Get to the bottom of what's truly healthy in this crazy complex world. So you can take back what is rightfully yours. Welcome to the health sovereign podcast. This is your host Logan Christopher.
Logan: Welcome back in this episode we continue the amazing discussion with Peter Ragner talking about time is not toxic and much more. Let's dive right in.
Logan: 00:31 Do you have any other stories or any other areas where really you are engaged in a certain health practice recognized there may not be the best thing and possibly just cause you were going too extreme with it and kind of went a different direction over the years?
Peter : 00:44 Oh, I'm not as dogmatic about diet as I have been and I think even some of the books that I've written, I come off as a believer. You know, it tends to divide people and I said, I think we all go through a process of we try this, we try that and we end up finding what works for us and basically if it works for you, great. You know, I'll keep my mouth shut. Whatever you're doing, it's living this life free of judgment free of condemnation, free of contention which basically adds your longevity and health. You know, too many people want to argue about diet. They want to argue about this and that and that contentiousness. It basically poisons the body with stress hormones and it shows. So I've seen that, I've experienced it. Come the other way around. My wife accuses me of, of creating a lot of fanatics and I said, no, no, everybody's got their own VM. But they listened to you and what you've said in the past, which is one of the problems is you said something in the past and you not doing it today and it's in print or in a format, audio format, or we're run on a video and your changed your mind. You know, people don't often understand that you do the most amount of good in the least amount of harm and let the chips fall within a,
Logan: 02:20 Yeah. And I find reading mild books, like I don't agree with myself quite often, which it sounds kind of bad, but I think it's actually a healthy thing because we should be evolving and hopefully yet getting into a less dogmatic place. I think that is probably a natural thing. You get into something you're super excited about it. You want to proselytize to everyone out there just because of how great it's helping you in whatever way and then a little bit later on you realize kind of the shades of gray of what was going on or can just kind of relax and let go of the dogma as you were saying.
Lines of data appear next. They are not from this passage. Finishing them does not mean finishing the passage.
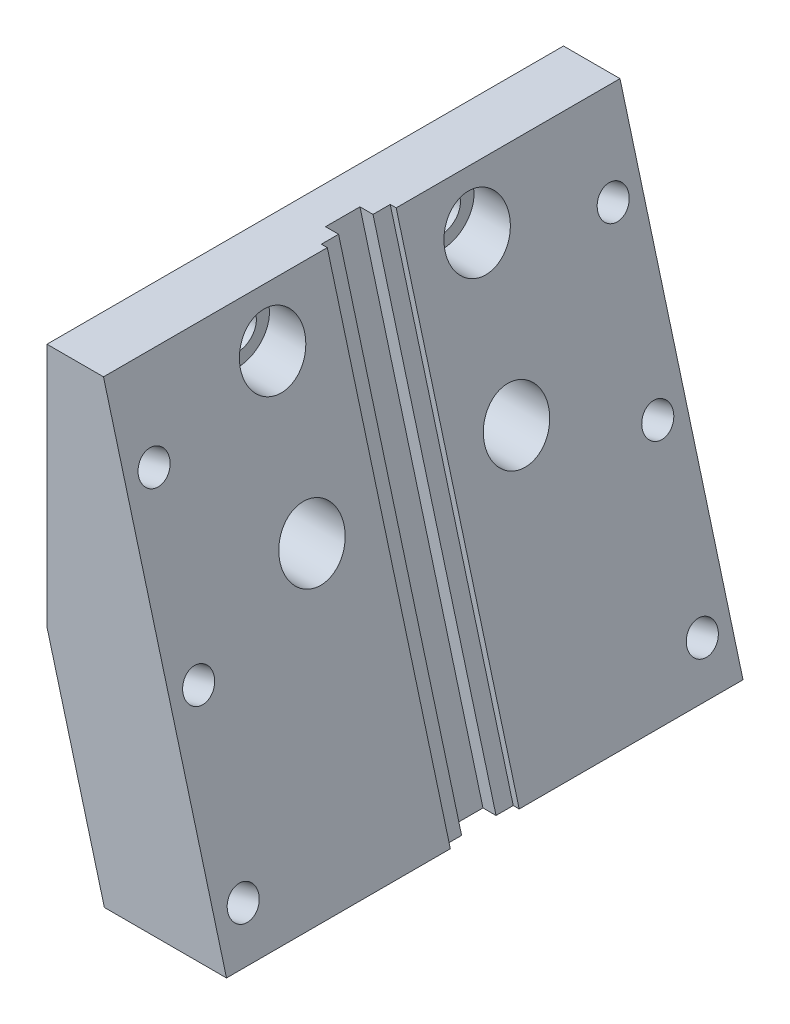
ISO-10303-21;
HEADER;
FILE_DESCRIPTION(('STEP AP214'),'2;1');
FILE_NAME('part.step','',(''),(''),'','','');
FILE_SCHEMA(('AUTOMOTIVE_DESIGN { 1 0 10303 214 1 1 1 1 }'));
ENDSEC;
DATA;
#1=APPLICATION_CONTEXT('core data for automotive mechanical design processes');
#2=APPLICATION_PROTOCOL_DEFINITION('international standard','automotive_design',2000,#1);
#3=PRODUCT_CONTEXT('',#1,'mechanical');
#4=PRODUCT('Part','Part','',(#3));
#5=PRODUCT_RELATED_PRODUCT_CATEGORY('part','',(#4));
#6=PRODUCT_DEFINITION_FORMATION('','',#4);
#7=PRODUCT_DEFINITION_CONTEXT('part definition',#1,'design');
#8=PRODUCT_DEFINITION('design','',#6,#7);
#9=PRODUCT_DEFINITION_SHAPE('','',#8);
#10=(LENGTH_UNIT() NAMED_UNIT(*) SI_UNIT(.MILLI.,.METRE.));
#11=(NAMED_UNIT(*) PLANE_ANGLE_UNIT() SI_UNIT($,.RADIAN.));
#12=(NAMED_UNIT(*) SI_UNIT($,.STERADIAN.) SOLID_ANGLE_UNIT());
#13=UNCERTAINTY_MEASURE_WITH_UNIT(LENGTH_MEASURE(1.E-05),#10,'distance_accuracy_value','');
#14=(GEOMETRIC_REPRESENTATION_CONTEXT(3) GLOBAL_UNCERTAINTY_ASSIGNED_CONTEXT((#13)) GLOBAL_UNIT_ASSIGNED_CONTEXT((#10,
#11,#12)) REPRESENTATION_CONTEXT('',''));
#15=CARTESIAN_POINT('',(0.,0.,0.));
#16=DIRECTION('',(0.,0.,1.));
#17=DIRECTION('',(1.,0.,0.));
#18=AXIS2_PLACEMENT_3D('',#15,#16,#17);
#19=CARTESIAN_POINT('',(-0.499999999999997,-4.26987298107783,8.89));
#20=DIRECTION('',(-1.,0.,0.));
#21=DIRECTION('',(0.,0.,1.));
#22=AXIS2_PLACEMENT_3D('',#19,#20,#21);
#23=CYLINDRICAL_SURFACE('',#22,1.63195);
#24=CARTESIAN_POINT('',(-10.5,-4.26987298107783,8.89));
#25=DIRECTION('',(1.,0.,0.));
#26=DIRECTION('',(0.,0.,-1.));
#27=AXIS2_PLACEMENT_3D('',#24,#25,#26);
#28=CIRCLE('',#27,1.63195);
#29=CARTESIAN_POINT('',(-10.5,-4.26987298107783,7.25805));
#30=VERTEX_POINT('',#29);
#31=EDGE_CURVE('E409',#30,#30,#28,.T.);
#32=ORIENTED_EDGE('',*,*,#31,.F.);
#33=EDGE_LOOP('',(#32));
#34=FACE_BOUND('',#33,.T.);
#35=CARTESIAN_POINT('',(-7.5,-4.26987298107783,8.89));
#36=DIRECTION('',(1.,0.,0.));
#37=DIRECTION('',(0.,0.,-1.));
#38=AXIS2_PLACEMENT_3D('',#35,#36,#37);
#39=CIRCLE('',#38,1.63195);
#40=CARTESIAN_POINT('',(-7.5,-4.26987298107783,7.25805));
#41=VERTEX_POINT('',#40);
#42=EDGE_CURVE('E425',#41,#41,#39,.T.);
#43=ORIENTED_EDGE('',*,*,#42,.T.);
#44=EDGE_LOOP('',(#43));
#45=FACE_BOUND('',#44,.T.);
#46=ADVANCED_FACE('F49',(#34,#45),#23,.F.);
#47=CARTESIAN_POINT('',(-0.499999999999997,-17.0698729810778,8.89));
#48=DIRECTION('',(-1.,0.,0.));
#49=DIRECTION('',(0.,0.,1.));
#50=AXIS2_PLACEMENT_3D('',#47,#48,#49);
#51=CYLINDRICAL_SURFACE('',#50,1.63195);
#52=CARTESIAN_POINT('',(-10.5,-17.0698729810778,8.89));
#53=DIRECTION('',(1.,0.,0.));
#54=DIRECTION('',(0.,0.,1.));
#55=AXIS2_PLACEMENT_3D('',#52,#53,#54);
#56=CIRCLE('',#55,1.63195);
#57=CARTESIAN_POINT('',(-10.5,-17.0698729810778,10.52195));
#58=VERTEX_POINT('',#57);
#59=EDGE_CURVE('E404',#58,#58,#56,.T.);
#60=ORIENTED_EDGE('',*,*,#59,.F.);
#61=EDGE_LOOP('',(#60));
#62=FACE_BOUND('',#61,.T.);
#63=CARTESIAN_POINT('',(-7.5,-17.0698729810778,8.89));
#64=DIRECTION('',(1.,0.,0.));
#65=DIRECTION('',(0.,0.,-1.));
#66=AXIS2_PLACEMENT_3D('',#63,#64,#65);
#67=CIRCLE('',#66,1.63195);
#68=CARTESIAN_POINT('',(-7.5,-17.0698729810778,7.25805));
#69=VERTEX_POINT('',#68);
#70=EDGE_CURVE('E421',#69,#69,#67,.T.);
#71=ORIENTED_EDGE('',*,*,#70,.T.);
#72=EDGE_LOOP('',(#71));
#73=FACE_BOUND('',#72,.T.);
#74=ADVANCED_FACE('F551',(#62,#73),#51,.F.);
#75=CARTESIAN_POINT('',(-0.499999999999997,-17.0698729810778,-8.89));
#76=DIRECTION('',(-1.,0.,0.));
#77=DIRECTION('',(0.,0.,1.));
#78=AXIS2_PLACEMENT_3D('',#75,#76,#77);
#79=CYLINDRICAL_SURFACE('',#78,1.63195);
#80=CARTESIAN_POINT('',(-10.5,-17.0698729810778,-8.89));
#81=DIRECTION('',(1.,0.,0.));
#82=DIRECTION('',(0.,0.,-1.));
#83=AXIS2_PLACEMENT_3D('',#80,#81,#82);
#84=CIRCLE('',#83,1.63195);
#85=CARTESIAN_POINT('',(-10.5,-17.0698729810778,-10.52195));
#86=VERTEX_POINT('',#85);
#87=EDGE_CURVE('E410',#86,#86,#84,.T.);
#88=ORIENTED_EDGE('',*,*,#87,.F.);
#89=EDGE_LOOP('',(#88));
#90=FACE_BOUND('',#89,.T.);
#91=CARTESIAN_POINT('',(-7.5,-17.0698729810778,-8.89));
#92=DIRECTION('',(1.,0.,0.));
#93=DIRECTION('',(0.,0.,-1.));
#94=AXIS2_PLACEMENT_3D('',#91,#92,#93);
#95=CIRCLE('',#94,1.63195);
#96=CARTESIAN_POINT('',(-7.5,-17.0698729810778,-10.52195));
#97=VERTEX_POINT('',#96);
#98=EDGE_CURVE('E426',#97,#97,#95,.T.);
#99=ORIENTED_EDGE('',*,*,#98,.T.);
#100=EDGE_LOOP('',(#99));
#101=FACE_BOUND('',#100,.T.);
#102=ADVANCED_FACE('F557',(#90,#101),#79,.F.);
#103=CARTESIAN_POINT('',(-0.499999999999997,-4.26987298107783,-8.89));
#104=DIRECTION('',(-1.,0.,0.));
#105=DIRECTION('',(0.,0.,1.));
#106=AXIS2_PLACEMENT_3D('',#103,#104,#105);
#107=CYLINDRICAL_SURFACE('',#106,1.63195);
#108=CARTESIAN_POINT('',(-10.5,-4.26987298107783,-8.89));
#109=DIRECTION('',(1.,0.,0.));
#110=DIRECTION('',(0.,0.,1.));
#111=AXIS2_PLACEMENT_3D('',#108,#109,#110);
#112=CIRCLE('',#111,1.63195);
#113=CARTESIAN_POINT('',(-10.5,-4.26987298107783,-7.25805));
#114=VERTEX_POINT('',#113);
#115=EDGE_CURVE('E359',#114,#114,#112,.T.);
#116=ORIENTED_EDGE('',*,*,#115,.F.);
#117=EDGE_LOOP('',(#116));
#118=FACE_BOUND('',#117,.T.);
#119=CARTESIAN_POINT('',(-7.5,-4.26987298107783,-8.89));
#120=DIRECTION('',(1.,0.,0.));
#121=DIRECTION('',(0.,0.,-1.));
#122=AXIS2_PLACEMENT_3D('',#119,#120,#121);
#123=CIRCLE('',#122,1.63195);
#124=CARTESIAN_POINT('',(-7.5,-4.26987298107783,-10.52195));
#125=VERTEX_POINT('',#124);
#126=EDGE_CURVE('E265',#125,#125,#123,.T.);
#127=ORIENTED_EDGE('',*,*,#126,.T.);
#128=EDGE_LOOP('',(#127));
#129=FACE_BOUND('',#128,.T.);
#130=ADVANCED_FACE('F565',(#118,#129),#107,.F.);
#131=CARTESIAN_POINT('',(-5.57695154586788,0.,0.));
#132=DIRECTION('',(0.965925826289066,0.258819045102528,0.));
#133=DIRECTION('',(0.,0.,1.));
#134=AXIS2_PLACEMENT_3D('',#131,#132,#133);
#135=PLANE('',#134);
#136=DIRECTION('',(-0.258819045102528,0.965925826289066,0.));
#137=VECTOR('',#136,1.);
#138=CARTESIAN_POINT('',(5.84903616136611,-42.6423666500534,-3.));
#139=LINE('',#138,#137);
#140=CARTESIAN_POINT('',(5.14101615137735,-40.,-3.));
#141=VERTEX_POINT('',#140);
#142=CARTESIAN_POINT('',(-5.57695154586788,0.,-3.));
#143=VERTEX_POINT('',#142);
#144=EDGE_CURVE('E198',#141,#143,#139,.T.);
#145=ORIENTED_EDGE('',*,*,#144,.F.);
#146=DIRECTION('',(0.,0.,1.));
#147=VECTOR('',#146,1.);
#148=CARTESIAN_POINT('',(5.14101615137735,-40.,0.));
#149=LINE('',#148,#147);
#150=CARTESIAN_POINT('',(5.14101615137734,-40.,-22.5));
#151=VERTEX_POINT('',#150);
#152=EDGE_CURVE('E214',#151,#141,#149,.T.);
#153=ORIENTED_EDGE('',*,*,#152,.F.);
#154=DIRECTION('',(0.258819045102528,-0.965925826289066,0.));
#155=VECTOR('',#154,1.);
#156=CARTESIAN_POINT('',(4.09326673973636,-36.0897459621556,-22.5));
#157=LINE('',#156,#155);
#158=CARTESIAN_POINT('',(-5.57695154586788,0.,-22.5));
#159=VERTEX_POINT('',#158);
#160=EDGE_CURVE('E234',#159,#151,#157,.T.);
#161=ORIENTED_EDGE('',*,*,#160,.F.);
#162=DIRECTION('',(0.,0.,-1.));
#163=VECTOR('',#162,1.);
#164=CARTESIAN_POINT('',(-5.57695154586788,0.,-22.5));
#165=LINE('',#164,#163);
#166=EDGE_CURVE('E215',#143,#159,#165,.T.);
#167=ORIENTED_EDGE('',*,*,#166,.F.);
#168=EDGE_LOOP('',(#145,#153,#161,#167));
#169=FACE_BOUND('',#168,.T.);
#170=CARTESIAN_POINT('',(-1.00215576247691,-17.0733702978664,-8.91));
#171=DIRECTION('',(0.965925826289066,0.258819045102528,0.));
#172=DIRECTION('',(0.258819045102528,-0.965925826289066,0.));
#173=AXIS2_PLACEMENT_3D('',#170,#171,#172);
#174=ELLIPSE('',#173,2.89256164806578,2.794);
#175=CARTESIAN_POINT('',(-0.253505718824335,-19.8673702978664,-8.91));
#176=VERTEX_POINT('',#175);
#177=EDGE_CURVE('E354',#176,#176,#174,.F.);
#178=ORIENTED_EDGE('',*,*,#177,.T.);
#179=EDGE_LOOP('',(#178));
#180=FACE_BOUND('',#179,.T.);
#181=CARTESIAN_POINT('',(-4.43284252880457,-4.26987298107784,-8.91));
#182=DIRECTION('',(0.965925826289066,0.258819045102528,0.));
#183=DIRECTION('',(0.258819045102528,-0.965925826289066,0.));
#184=AXIS2_PLACEMENT_3D('',#181,#182,#183);
#185=ELLIPSE('',#184,2.89256164806578,2.794);
#186=CARTESIAN_POINT('',(-3.68419248515199,-7.06387298107784,-8.91));
#187=VERTEX_POINT('',#186);
#188=EDGE_CURVE('E360',#187,#187,#185,.F.);
#189=ORIENTED_EDGE('',*,*,#188,.T.);
#190=EDGE_LOOP('',(#189));
#191=FACE_BOUND('',#190,.T.);
#192=CARTESIAN_POINT('',(0.213779508295674,-21.6113025071054,-20.));
#193=DIRECTION('',(0.965925826289069,0.258819045102519,0.));
#194=DIRECTION('',(-0.258819045102519,0.965925826289069,0.));
#195=AXIS2_PLACEMENT_3D('',#192,#193,#194);
#196=CIRCLE('',#195,1.35255);
#197=CARTESIAN_POINT('',(-0.136286191157738,-20.3048395307581,-20.));
#198=VERTEX_POINT('',#197);
#199=EDGE_CURVE('E371',#198,#198,#196,.T.);
#200=ORIENTED_EDGE('',*,*,#199,.F.);
#201=EDGE_LOOP('',(#200));
#202=FACE_BOUND('',#201,.T.);
#203=CARTESIAN_POINT('',(4.09606518483345,-36.1001899014415,-20.));
#204=DIRECTION('',(0.965925826289069,0.258819045102519,0.));
#205=DIRECTION('',(-0.258819045102519,0.965925826289069,0.));
#206=AXIS2_PLACEMENT_3D('',#203,#204,#205);
#207=CIRCLE('',#206,1.35255);
#208=CARTESIAN_POINT('',(3.74599948538004,-34.7937269250942,-20.));
#209=VERTEX_POINT('',#208);
#210=EDGE_CURVE('E911',#209,#209,#207,.T.);
#211=ORIENTED_EDGE('',*,*,#210,.F.);
#212=EDGE_LOOP('',(#211));
#213=FACE_BOUND('',#212,.T.);
#214=CARTESIAN_POINT('',(-3.6685061682421,-7.12241511276939,-20.));
#215=DIRECTION('',(0.965925826289069,0.258819045102519,0.));
#216=DIRECTION('',(-0.258819045102519,0.965925826289069,0.));
#217=AXIS2_PLACEMENT_3D('',#214,#215,#216);
#218=CIRCLE('',#217,1.35255);
#219=CARTESIAN_POINT('',(-4.01857186769552,-5.81595213642211,-20.));
#220=VERTEX_POINT('',#219);
#221=EDGE_CURVE('E900',#220,#220,#218,.T.);
#222=ORIENTED_EDGE('',*,*,#221,.F.);
#223=EDGE_LOOP('',(#222));
#224=FACE_BOUND('',#223,.T.);
#225=ADVANCED_FACE('F211',(#169,#180,#191,#202,#213,#224),#135,.T.);
#226=CARTESIAN_POINT('',(-10.5,-40.,22.5));
#227=DIRECTION('',(0.,0.,1.));
#228=DIRECTION('',(1.,0.,0.));
#229=AXIS2_PLACEMENT_3D('',#226,#227,#228);
#230=PLANE('',#229);
#231=DIRECTION('',(0.,1.,0.));
#232=VECTOR('',#231,1.);
#233=CARTESIAN_POINT('',(-10.5,-40.,22.5));
#234=LINE('',#233,#232);
#235=CARTESIAN_POINT('',(-10.5,-21.3397459621557,22.5));
#236=VERTEX_POINT('',#235);
#237=CARTESIAN_POINT('',(-10.5,0.,22.5));
#238=VERTEX_POINT('',#237);
#239=EDGE_CURVE('E918',#236,#238,#234,.T.);
#240=ORIENTED_EDGE('',*,*,#239,.F.);
#241=DIRECTION('',(-0.258819045102522,0.965925826289068,0.));
#242=VECTOR('',#241,1.);
#243=CARTESIAN_POINT('',(-5.8349364905389,-38.75,22.5));
#244=LINE('',#243,#242);
#245=CARTESIAN_POINT('',(-5.49999999999999,-40.,22.5));
#246=VERTEX_POINT('',#245);
#247=EDGE_CURVE('E259',#236,#246,#244,.F.);
#248=ORIENTED_EDGE('',*,*,#247,.T.);
#249=DIRECTION('',(1.,0.,0.));
#250=VECTOR('',#249,1.);
#251=CARTESIAN_POINT('',(-10.5,-40.,22.5));
#252=LINE('',#251,#250);
#253=CARTESIAN_POINT('',(5.14101615137734,-40.,22.5));
#254=VERTEX_POINT('',#253);
#255=EDGE_CURVE('E281',#246,#254,#252,.T.);
#256=ORIENTED_EDGE('',*,*,#255,.T.);
#257=DIRECTION('',(-0.258819045102528,0.965925826289066,0.));
#258=VECTOR('',#257,1.);
#259=CARTESIAN_POINT('',(4.09326673973636,-36.0897459621556,22.5));
#260=LINE('',#259,#258);
#261=CARTESIAN_POINT('',(-5.57695154586788,0.,22.5));
#262=VERTEX_POINT('',#261);
#263=EDGE_CURVE('E225',#254,#262,#260,.T.);
#264=ORIENTED_EDGE('',*,*,#263,.T.);
#265=DIRECTION('',(1.,0.,0.));
#266=VECTOR('',#265,1.);
#267=CARTESIAN_POINT('',(-10.5,0.,22.5));
#268=LINE('',#267,#266);
#269=EDGE_CURVE('E287',#238,#262,#268,.T.);
#270=ORIENTED_EDGE('',*,*,#269,.F.);
#271=EDGE_LOOP('',(#240,#248,#256,#264,#270));
#272=FACE_BOUND('',#271,.T.);
#273=ADVANCED_FACE('F626',(#272),#230,.T.);
#274=CARTESIAN_POINT('',(-10.5,-40.,22.5));
#275=DIRECTION('',(-1.,0.,0.));
#276=DIRECTION('',(0.,0.,1.));
#277=AXIS2_PLACEMENT_3D('',#274,#275,#276);
#278=PLANE('',#277);
#279=ORIENTED_EDGE('',*,*,#115,.T.);
#280=EDGE_LOOP('',(#279));
#281=FACE_BOUND('',#280,.T.);
#282=ORIENTED_EDGE('',*,*,#87,.T.);
#283=EDGE_LOOP('',(#282));
#284=FACE_BOUND('',#283,.T.);
#285=ORIENTED_EDGE('',*,*,#59,.T.);
#286=EDGE_LOOP('',(#285));
#287=FACE_BOUND('',#286,.T.);
#288=ORIENTED_EDGE('',*,*,#31,.T.);
#289=EDGE_LOOP('',(#288));
#290=FACE_BOUND('',#289,.T.);
#291=CARTESIAN_POINT('',(-10.5,-8.9529083680871,20.));
#292=DIRECTION('',(-1.,0.,0.));
#293=DIRECTION('',(0.,1.,0.));
#294=AXIS2_PLACEMENT_3D('',#291,#292,#293);
#295=ELLIPSE('',#294,1.40026279781366,1.35255);
#296=CARTESIAN_POINT('',(-10.5,-7.55264557027344,20.));
#297=VERTEX_POINT('',#296);
#298=EDGE_CURVE('E965',#297,#297,#295,.T.);
#299=ORIENTED_EDGE('',*,*,#298,.F.);
#300=EDGE_LOOP('',(#299));
#301=FACE_BOUND('',#300,.T.);
#302=CARTESIAN_POINT('',(-10.5,-8.9529083680871,-20.));
#303=DIRECTION('',(-1.,0.,0.));
#304=DIRECTION('',(0.,1.,0.));
#305=AXIS2_PLACEMENT_3D('',#302,#303,#304);
#306=ELLIPSE('',#305,1.40026279781366,1.35255);
#307=CARTESIAN_POINT('',(-10.5,-7.55264557027344,-20.));
#308=VERTEX_POINT('',#307);
#309=EDGE_CURVE('E862',#308,#308,#306,.T.);
#310=ORIENTED_EDGE('',*,*,#309,.F.);
#311=EDGE_LOOP('',(#310));
#312=FACE_BOUND('',#311,.T.);
#313=DIRECTION('',(0.,1.,0.));
#314=VECTOR('',#313,1.);
#315=CARTESIAN_POINT('',(-10.5,-40.,-22.5));
#316=LINE('',#315,#314);
#317=CARTESIAN_POINT('',(-10.5,-21.3397459621557,-22.5));
#318=VERTEX_POINT('',#317);
#319=CARTESIAN_POINT('',(-10.5,0.,-22.5));
#320=VERTEX_POINT('',#319);
#321=EDGE_CURVE('E921',#318,#320,#316,.T.);
#322=ORIENTED_EDGE('',*,*,#321,.F.);
#323=DIRECTION('',(0.,0.,1.));
#324=VECTOR('',#323,1.);
#325=CARTESIAN_POINT('',(-10.5,-21.3397459621557,22.5));
#326=LINE('',#325,#324);
#327=EDGE_CURVE('E294',#318,#236,#326,.T.);
#328=ORIENTED_EDGE('',*,*,#327,.T.);
#329=ORIENTED_EDGE('',*,*,#239,.T.);
#330=DIRECTION('',(0.,0.,1.));
#331=VECTOR('',#330,1.);
#332=CARTESIAN_POINT('',(-10.5,0.,22.5));
#333=LINE('',#332,#331);
#334=EDGE_CURVE('E279',#320,#238,#333,.T.);
#335=ORIENTED_EDGE('',*,*,#334,.F.);
#336=EDGE_LOOP('',(#322,#328,#329,#335));
#337=FACE_BOUND('',#336,.T.);
#338=ADVANCED_FACE('F629',(#281,#284,#287,#290,#301,#312,#337),#278,.T.);
#339=CARTESIAN_POINT('',(-10.5,-40.,-22.5));
#340=DIRECTION('',(0.,0.,-1.));
#341=DIRECTION('',(-1.,0.,0.));
#342=AXIS2_PLACEMENT_3D('',#339,#340,#341);
#343=PLANE('',#342);
#344=DIRECTION('',(-1.,0.,0.));
#345=VECTOR('',#344,1.);
#346=CARTESIAN_POINT('',(-10.5,-40.,-22.5));
#347=LINE('',#346,#345);
#348=CARTESIAN_POINT('',(-5.49999999999999,-40.,-22.5));
#349=VERTEX_POINT('',#348);
#350=EDGE_CURVE('E223',#151,#349,#347,.T.);
#351=ORIENTED_EDGE('',*,*,#350,.T.);
#352=DIRECTION('',(0.258819045102522,-0.965925826289068,0.));
#353=VECTOR('',#352,1.);
#354=CARTESIAN_POINT('',(-5.8349364905389,-38.75,-22.5));
#355=LINE('',#354,#353);
#356=EDGE_CURVE('E258',#349,#318,#355,.F.);
#357=ORIENTED_EDGE('',*,*,#356,.T.);
#358=ORIENTED_EDGE('',*,*,#321,.T.);
#359=DIRECTION('',(-1.,0.,0.));
#360=VECTOR('',#359,1.);
#361=CARTESIAN_POINT('',(-10.5,0.,-22.5));
#362=LINE('',#361,#360);
#363=EDGE_CURVE('E273',#159,#320,#362,.T.);
#364=ORIENTED_EDGE('',*,*,#363,.F.);
#365=ORIENTED_EDGE('',*,*,#160,.T.);
#366=EDGE_LOOP('',(#351,#357,#358,#364,#365));
#367=FACE_BOUND('',#366,.T.);
#368=ADVANCED_FACE('F623',(#367),#343,.T.);
#369=CARTESIAN_POINT('',(0.,-40.,0.));
#370=DIRECTION('',(0.,-1.,0.));
#371=DIRECTION('',(0.,0.,-1.));
#372=AXIS2_PLACEMENT_3D('',#369,#370,#371);
#373=PLANE('',#372);
#374=DIRECTION('',(-1.,0.,0.));
#375=VECTOR('',#374,1.);
#376=CARTESIAN_POINT('',(0.,-40.,3.));
#377=LINE('',#376,#375);
#378=CARTESIAN_POINT('',(5.14101615137738,-40.0000000000001,3.));
#379=VERTEX_POINT('',#378);
#380=CARTESIAN_POINT('',(4.62337806117231,-40.,3.));
#381=VERTEX_POINT('',#380);
#382=EDGE_CURVE('E205',#379,#381,#377,.T.);
#383=ORIENTED_EDGE('',*,*,#382,.F.);
#384=EDGE_CURVE('E226',#379,#254,#149,.T.);
#385=ORIENTED_EDGE('',*,*,#384,.T.);
#386=ORIENTED_EDGE('',*,*,#255,.F.);
#387=DIRECTION('',(0.,0.,-1.));
#388=VECTOR('',#387,1.);
#389=CARTESIAN_POINT('',(-5.49999999999999,-40.,0.));
#390=LINE('',#389,#388);
#391=EDGE_CURVE('E253',#246,#349,#390,.T.);
#392=ORIENTED_EDGE('',*,*,#391,.T.);
#393=ORIENTED_EDGE('',*,*,#350,.F.);
#394=ORIENTED_EDGE('',*,*,#152,.T.);
#395=DIRECTION('',(1.,0.,0.));
#396=VECTOR('',#395,1.);
#397=CARTESIAN_POINT('',(0.,-40.,-3.));
#398=LINE('',#397,#396);
#399=CARTESIAN_POINT('',(4.62337806117231,-40.,-3.));
#400=VERTEX_POINT('',#399);
#401=EDGE_CURVE('E194',#400,#141,#398,.T.);
#402=ORIENTED_EDGE('',*,*,#401,.F.);
#403=DIRECTION('',(0.,0.,-1.));
#404=VECTOR('',#403,1.);
#405=CARTESIAN_POINT('',(4.62337806117231,-40.,0.));
#406=LINE('',#405,#404);
#407=CARTESIAN_POINT('',(4.62337806117234,-40.0000000000001,-1.5));
#408=VERTEX_POINT('',#407);
#409=EDGE_CURVE('E334',#408,#400,#406,.T.);
#410=ORIENTED_EDGE('',*,*,#409,.F.);
#411=DIRECTION('',(1.,0.,0.));
#412=VECTOR('',#411,1.);
#413=CARTESIAN_POINT('',(0.,-40.,-1.5));
#414=LINE('',#413,#412);
#415=CARTESIAN_POINT('',(3.48457426272081,-40.,-1.5));
#416=VERTEX_POINT('',#415);
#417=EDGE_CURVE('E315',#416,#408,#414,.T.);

Peter: 02:50 Yeah, yeah. It's pretty dangerous when you believe everything you think.
Logan: 02:56 Yeah, and I feel that's especially important in the health because yeah, people do get so radical like it's diet and politics are like right up there and just the controversy about them. But if I think pretty much everyone can agree that just eating real natural food, it's going to work pretty well for most people. Like, that's the basic foundation that everyone can agree on and then we can get into specifics on there and argue over it. But that needs to be that foundation there.
Peter: 03:27 I look around while people are contesting a dietary ideas and I think, who do I listen to? And I thought about that and I said, well, who should I listen to? Well, obviously the people who are doing it well, who's doing it? The world's oldest people. Listen to the people who live the longest, who are the healthiest, and find out what they're doing and see if that works for you. And that's the approach that I've taken. I've looked just like a [inaudible] book on the blue zones and the different areas where people lived along this on this planet and I doing what are they eating? How do they live? And I think this is a big part of it too. It's about lifestyle. What is your lifestyle? How do I live? What do I do each day? Oh, when do I go to sleep? When do I wake up? How do I eat? What's my social interaction like? You know, all of these things come to play and it's not that any one thing. There is no magic bullet, there is no magic or there's no magic. There's no special, unique elixir or somewhere. But it is when you put all the things together, put the pieces back together and we become whole.
Logan: 04:45 I think this idea also speaks to that. Both you and I are constantly experimenting with things, right? So you're in taking new information and then maybe, Oh, you know, see they're eating this food in this blue zone for example. So I'm going to add that to my diet, see what happens from doing that. And I think this is a healthy approach to life because ultimately what science says or what your friend says doesn't necessarily mean something works for you. So you have to try things. And this is diet supplements, lifestyle behaviors, all sorts of different things to really find what works. And once you find what works, you know that doesn't mean that's going to work for the whole rest of your life. Things change over time. So I think that's a useful approach to how you should look at engaging in healthy behaviors.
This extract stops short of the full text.